Items listed in a dataset:
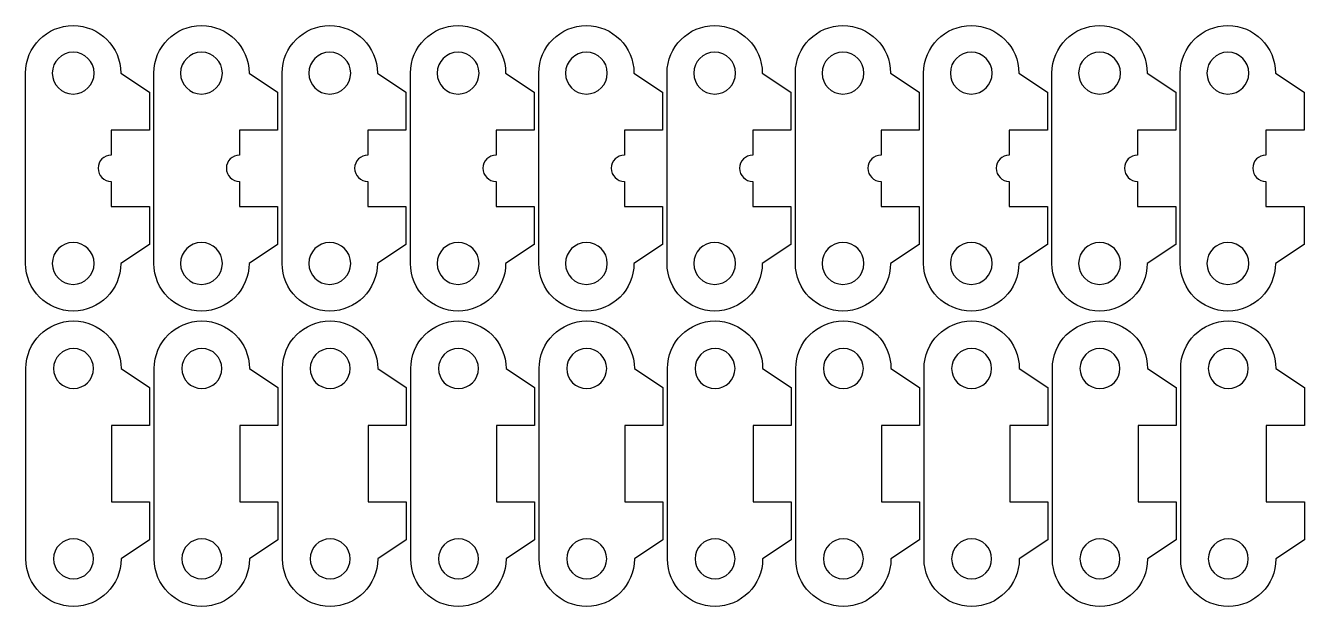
# Model space of a CAD drawing. Header units: inches. Extents: x 1117 to 1992, y -2324 to -585.
# Drawn here: x 1668.4 to 1735.6, y -2323.5 to -2293 of the extents above; entities that cross this region are included whole.
import ezdxf

# ---------------------------------------------------------------- set-up
doc = ezdxf.new("R2010")
doc.units = ezdxf.units.IN
doc.header["$MEASUREMENT"] = 0
doc.layers.add('Layer 1', color=7, linetype='Continuous')

msp = doc.modelspace()

# ---------------------------------------------------------------- linework, layer by layer
at = {"layer": 'Layer 1', "color": 18, "lineweight": 30, "true_color": 0x010101}
for points, knots in [([(1674.886, -2296.502), (1674.886, -2296.502), (1673.386, -2295.502), (1673.386, -2295.502), (1673.386, -2294.121), (1672.266, -2293.002), (1670.885, -2293.002), (1669.505, -2293.002), (1668.385, -2294.121), (1668.385, -2295.502), (1668.385, -2295.502), (1668.385, -2305.502), (1668.385, -2305.502), (1668.385, -2306.883), (1669.505, -2308.002), (1670.885, -2308.002), (1672.266, -2308.002), (1673.386, -2306.883), (1673.386, -2305.502), (1673.386, -2305.502), (1674.886, -2304.502), (1674.886, -2304.502), (1674.886, -2304.502), (1674.886, -2302.502), (1674.886, -2302.502), (1674.886, -2302.502), (1672.884, -2302.502), (1672.884, -2302.502), (1672.884, -2302.502), (1672.884, -2301.193), (1672.884, -2301.193), (1672.502, -2301.193), (1672.193, -2300.883), (1672.193, -2300.502), (1672.193, -2300.12), (1672.502, -2299.811), (1672.884, -2299.811), (1672.884, -2299.811), (1672.884, -2298.502), (1672.884, -2298.502), (1672.884, -2298.502), (1674.886, -2298.502), (1674.886, -2298.502), (1674.886, -2298.502), (1674.886, -2296.502), (1674.886, -2296.502)], [0, 0, 0, 0, 1, 1, 1, 2, 2, 2, 3, 3, 3, 4, 4, 4, 5, 5, 5, 6, 6, 6, 7, 7, 7, 8, 8, 8, 9, 9, 9, 10, 10, 10, 11, 11, 11, 12, 12, 12, 13, 13, 13, 14, 14, 14, 15, 15, 15, 15]), ([(1681.625, -2296.502), (1681.625, -2296.502), (1680.125, -2295.502), (1680.125, -2295.502), (1680.125, -2294.121), (1679.005, -2293.002), (1677.625, -2293.002), (1676.245, -2293.002), (1675.125, -2294.121), (1675.125, -2295.502), (1675.125, -2295.502), (1675.125, -2305.502), (1675.125, -2305.502), (1675.125, -2306.883), (1676.245, -2308.002), (1677.625, -2308.002), (1679.006, -2308.002), (1680.125, -2306.883), (1680.125, -2305.502), (1680.125, -2305.502), (1681.625, -2304.502), (1681.625, -2304.502), (1681.625, -2304.502), (1681.625, -2302.502), (1681.625, -2302.502), (1681.625, -2302.502), (1679.623, -2302.502), (1679.623, -2302.502), (1679.623, -2302.502), (1679.623, -2301.193), (1679.623, -2301.193), (1679.241, -2301.193), (1678.932, -2300.883), (1678.932, -2300.502), (1678.932, -2300.12), (1679.241, -2299.811), (1679.623, -2299.811), (1679.623, -2299.811), (1679.623, -2298.502), (1679.623, -2298.502), (1679.623, -2298.502), (1681.625, -2298.502), (1681.625, -2298.502), (1681.625, -2298.502), (1681.625, -2296.502), (1681.625, -2296.502)], [0, 0, 0, 0, 1, 1, 1, 2, 2, 2, 3, 3, 3, 4, 4, 4, 5, 5, 5, 6, 6, 6, 7, 7, 7, 8, 8, 8, 9, 9, 9, 10, 10, 10, 11, 11, 11, 12, 12, 12, 13, 13, 13, 14, 14, 14, 15, 15, 15, 15]), ([(1688.365, -2296.502), (1688.365, -2296.502), (1686.865, -2295.502), (1686.865, -2295.502), (1686.865, -2294.121), (1685.745, -2293.002), (1684.365, -2293.002), (1682.985, -2293.002), (1681.864, -2294.121), (1681.864, -2295.502), (1681.864, -2295.502), (1681.864, -2305.502), (1681.864, -2305.502), (1681.864, -2306.883), (1682.985, -2308.002), (1684.365, -2308.002), (1685.746, -2308.002), (1686.865, -2306.883), (1686.865, -2305.502), (1686.865, -2305.502), (1688.365, -2304.502), (1688.365, -2304.502), (1688.365, -2304.502), (1688.365, -2302.502), (1688.365, -2302.502), (1688.365, -2302.502), (1686.363, -2302.502), (1686.363, -2302.502), (1686.363, -2302.502), (1686.363, -2301.193), (1686.363, -2301.193), (1685.981, -2301.193), (1685.672, -2300.883), (1685.672, -2300.502), (1685.672, -2300.12), (1685.981, -2299.811), (1686.363, -2299.811), (1686.363, -2299.811), (1686.363, -2298.502), (1686.363, -2298.502), (1686.363, -2298.502), (1688.365, -2298.502), (1688.365, -2298.502), (1688.365, -2298.502), (1688.365, -2296.502), (1688.365, -2296.502)], [0, 0, 0, 0, 1, 1, 1, 2, 2, 2, 3, 3, 3, 4, 4, 4, 5, 5, 5, 6, 6, 6, 7, 7, 7, 8, 8, 8, 9, 9, 9, 10, 10, 10, 11, 11, 11, 12, 12, 12, 13, 13, 13, 14, 14, 14, 15, 15, 15, 15]), ([(1695.104, -2296.502), (1695.104, -2296.502), (1693.604, -2295.502), (1693.604, -2295.502), (1693.604, -2294.121), (1692.484, -2293.002), (1691.104, -2293.002), (1689.724, -2293.002), (1688.604, -2294.121), (1688.604, -2295.502), (1688.604, -2295.502), (1688.604, -2305.502), (1688.604, -2305.502), (1688.604, -2306.883), (1689.724, -2308.002), (1691.104, -2308.002), (1692.485, -2308.002), (1693.604, -2306.883), (1693.604, -2305.502), (1693.604, -2305.502), (1695.104, -2304.502), (1695.104, -2304.502), (1695.104, -2304.502), (1695.104, -2302.502), (1695.104, -2302.502), (1695.104, -2302.502), (1693.102, -2302.502), (1693.102, -2302.502), (1693.102, -2302.502), (1693.102, -2301.193), (1693.102, -2301.193), (1692.72, -2301.193), (1692.411, -2300.883), (1692.411, -2300.502), (1692.411, -2300.12), (1692.72, -2299.811), (1693.102, -2299.811), (1693.102, -2299.811), (1693.102, -2298.502), (1693.102, -2298.502), (1693.102, -2298.502), (1695.104, -2298.502), (1695.104, -2298.502), (1695.104, -2298.502), (1695.104, -2296.502), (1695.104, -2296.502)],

§ PROBLEM REQUIREMENTS
The result should be all the records, retyped exactly, with no pictures among them.

§ OUTPUT FOR THIS TASK
# Model space of a CAD drawing. Header units: inches. Extents: x 1117 to 1992, y -2324 to -585.
# Drawn here: x 1668.4 to 1735.6, y -2323.5 to -2293 of the extents above; entities that cross this region are included whole.
import ezdxf

# ---------------------------------------------------------------- set-up
doc = ezdxf.new("R2010")
doc.units = ezdxf.units.IN
doc.header["$MEASUREMENT"] = 0
doc.layers.add('Layer 1', color=7, linetype='Continuous')

msp = doc.modelspace()

# ---------------------------------------------------------------- linework, layer by layer
at = {"layer": 'Layer 1', "color": 18, "lineweight": 30, "true_color": 0x010101}
for points, knots in [([(1674.886, -2296.502), (1674.886, -2296.502), (1673.386, -2295.502), (1673.386, -2295.502), (1673.386, -2294.121), (1672.266, -2293.002), (1670.885, -2293.002), (1669.505, -2293.002), (1668.385, -2294.121), (1668.385, -2295.502), (1668.385, -2295.502), (1668.385, -2305.502), (1668.385, -2305.502), (1668.385, -2306.883), (1669.505, -2308.002), (1670.885, -2308.002), (1672.266, -2308.002), (1673.386, -2306.883), (1673.386, -2305.502), (1673.386, -2305.502), (1674.886, -2304.502), (1674.886, -2304.502), (1674.886, -2304.502), (1674.886, -2302.502), (1674.886, -2302.502), (1674.886, -2302.502), (1672.884, -2302.502), (1672.884, -2302.502), (1672.884, -2302.502), (1672.884, -2301.193), (1672.884, -2301.193), (1672.502, -2301.193), (1672.193, -2300.883), (1672.193, -2300.502), (1672.193, -2300.12), (1672.502, -2299.811), (1672.884, -2299.811), (1672.884, -2299.811), (1672.884, -2298.502), (1672.884, -2298.502), (1672.884, -2298.502), (1674.886, -2298.502), (1674.886, -2298.502), (1674.886, -2298.502), (1674.886, -2296.502), (1674.886, -2296.502)], [0, 0, 0, 0, 1, 1, 1, 2, 2, 2, 3, 3, 3, 4, 4, 4, 5, 5, 5, 6, 6, 6, 7, 7, 7, 8, 8, 8, 9, 9, 9, 10, 10, 10, 11, 11, 11, 12, 12, 12, 13, 13, 13, 14, 14, 14, 15, 15, 15, 15]), ([(1681.625, -2296.502), (1681.625, -2296.502), (1680.125, -2295.502), (1680.125, -2295.502), (1680.125, -2294.121), (1679.005, -2293.002), (1677.625, -2293.002), (1676.245, -2293.002), (1675.125, -2294.121), (1675.125, -2295.502), (1675.125, -2295.502), (1675.125, -2305.502), (1675.125, -2305.502), (1675.125, -2306.883), (1676.245, -2308.002), (1677.625, -2308.002), (1679.006, -2308.002), (1680.125, -2306.883), (1680.125, -2305.502), (1680.125, -2305.502), (1681.625, -2304.502), (1681.625, -2304.502), (1681.625, -2304.502), (1681.625, -2302.502), (1681.625, -2302.502), (1681.625, -2302.502), (1679.623, -2302.502), (1679.623, -2302.502), (1679.623, -2302.502), (1679.623, -2301.193), (1679.623, -2301.193), (1679.241, -2301.193), (1678.932, -2300.883), (1678.932, -2300.502), (1678.932, -2300.12), (1679.241, -2299.811), (1679.623, -2299.811), (1679.623, -2299.811), (1679.623, -2298.502), (1679.623, -2298.502), (1679.623, -2298.502), (1681.625, -2298.502), (1681.625, -2298.502), (1681.625, -2298.502), (1681.625, -2296.502), (1681.625, -2296.502)], [0, 0, 0, 0, 1, 1, 1, 2, 2, 2, 3, 3, 3, 4, 4, 4, 5, 5, 5, 6, 6, 6, 7, 7, 7, 8, 8, 8, 9, 9, 9, 10, 10, 10, 11, 11, 11, 12, 12, 12, 13, 13, 13, 14, 14, 14, 15, 15, 15, 15]), ([(1688.365, -2296.502), (1688.365, -2296.502), (1686.865, -2295.502), (1686.865, -2295.502), (1686.865, -2294.121), (1685.745, -2293.002), (1684.365, -2293.002), (1682.985, -2293.002), (1681.864, -2294.121), (1681.864, -2295.502), (1681.864, -2295.502), (1681.864, -2305.502), (1681.864, -2305.502), (1681.864, -2306.883), (1682.985, -2308.002), (1684.365, -2308.002), (1685.746, -2308.002), (1686.865, -2306.883), (1686.865, -2305.502), (1686.865, -2305.502), (1688.365, -2304.502), (1688.365, -2304.502), (1688.365, -2304.502), (1688.365, -2302.502), (1688.365, -2302.502), (1688.365, -2302.502), (1686.363, -2302.502), (1686.363, -2302.502), (1686.363, -2302.502), (1686.363, -2301.193), (1686.363, -2301.193), (1685.981, -2301.193), (1685.672, -2300.883), (1685.672, -2300.502), (1685.672, -2300.12), (1685.981, -2299.811), (1686.363, -2299.811), (1686.363, -2299.811), (1686.363, -2298.502), (1686.363, -2298.502), (1686.363, -2298.502), (1688.365, -2298.502), (1688.365, -2298.502), (1688.365, -2298.502), (1688.365, -2296.502), (1688.365, -2296.502)], [0, 0, 0, 0, 1, 1, 1, 2, 2, 2, 3, 3, 3, 4, 4, 4, 5, 5, 5, 6, 6, 6, 7, 7, 7, 8, 8, 8, 9, 9, 9, 10, 10, 10, 11, 11, 11, 12, 12, 12, 13, 13, 13, 14, 14, 14, 15, 15, 15, 15]), ([(1695.104, -2296.502), (1695.104, -2296.502), (1693.604, -2295.502), (1693.604, -2295.502), (1693.604, -2294.121), (1692.484, -2293.002), (1691.104, -2293.002), (1689.724, -2293.002), (1688.604, -2294.121), (1688.604, -2295.502), (1688.604, -2295.502), (1688.604, -2305.502), (1688.604, -2305.502), (1688.604, -2306.883), (1689.724, -2308.002), (1691.104, -2308.002), (1692.485, -2308.002), (1693.604, -2306.883), (1693.604, -2305.502), (1693.604, -2305.502), (1695.104, -2304.502), (1695.104, -2304.502), (1695.104, -2304.502), (1695.104, -2302.502), (1695.104, -2302.502), (1695.104, -2302.502), (1693.102, -2302.502), (1693.102, -2302.502), (1693.102, -2302.502), (1693.102, -2301.193), (1693.102, -2301.193), (1692.72, -2301.193), (1692.411, -2300.883), (1692.411, -2300.502), (1692.411, -2300.12), (1692.72, -2299.811), (1693.102, -2299.811), (1693.102, -2299.811), (1693.102, -2298.502), (1693.102, -2298.502), (1693.102, -2298.502), (1695.104, -2298.502), (1695.104, -2298.502), (1695.104, -2298.502), (1695.104, -2296.502), (1695.104, -2296.502)],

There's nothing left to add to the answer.